WHAT THE TASK REQUIRES:
Give the lines below again, exactly as they stand, and leave out the images.

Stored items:
------------------------
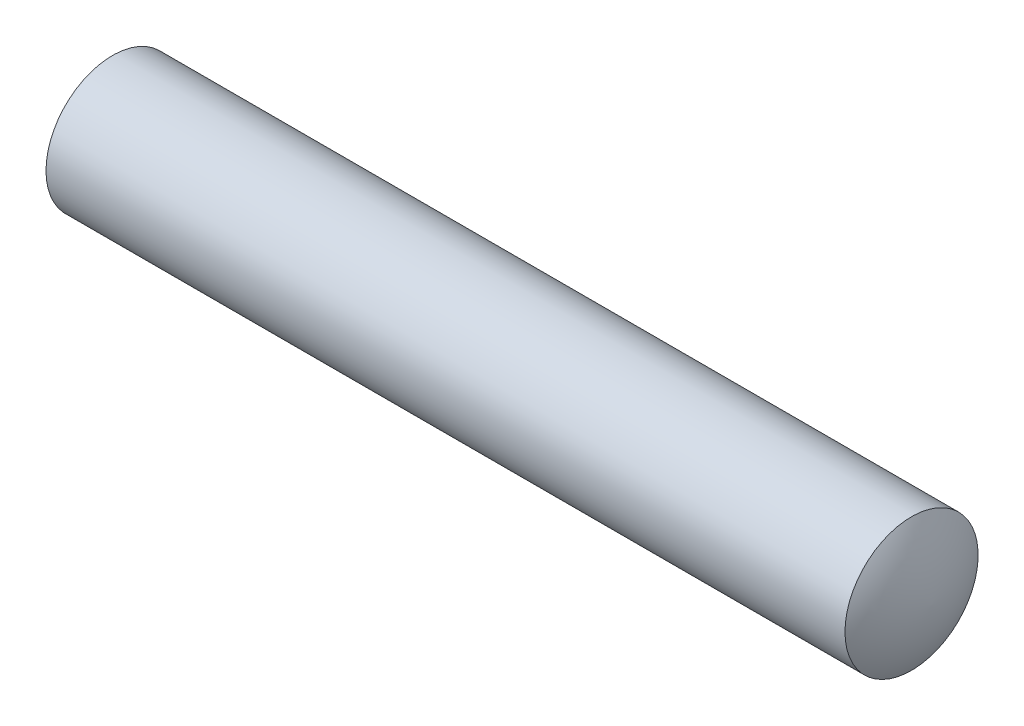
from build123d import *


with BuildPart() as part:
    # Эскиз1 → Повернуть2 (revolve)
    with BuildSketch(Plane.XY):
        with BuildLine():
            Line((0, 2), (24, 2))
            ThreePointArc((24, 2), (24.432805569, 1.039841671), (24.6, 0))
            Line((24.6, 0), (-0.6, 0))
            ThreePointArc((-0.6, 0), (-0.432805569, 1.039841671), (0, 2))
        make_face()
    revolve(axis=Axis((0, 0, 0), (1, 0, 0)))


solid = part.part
------------------------
RESPONSE AREA:
from build123d import *


with BuildPart() as part:
    # Эскиз1 → Повернуть2 (revolve)
    with BuildSketch(Plane.XY):
        with BuildLine():
            Line((0, 2), (24, 2))
            ThreePointArc((24, 2), (24.432805569, 1.039841671), (24.6, 0))
            Line((24.6, 0), (-0.6, 0))
            ThreePointArc((-0.6, 0), (-0.432805569, 1.039841671), (0, 2))
        make_face()
    revolve(axis=Axis((0, 0, 0), (1, 0, 0)))


solid = part.part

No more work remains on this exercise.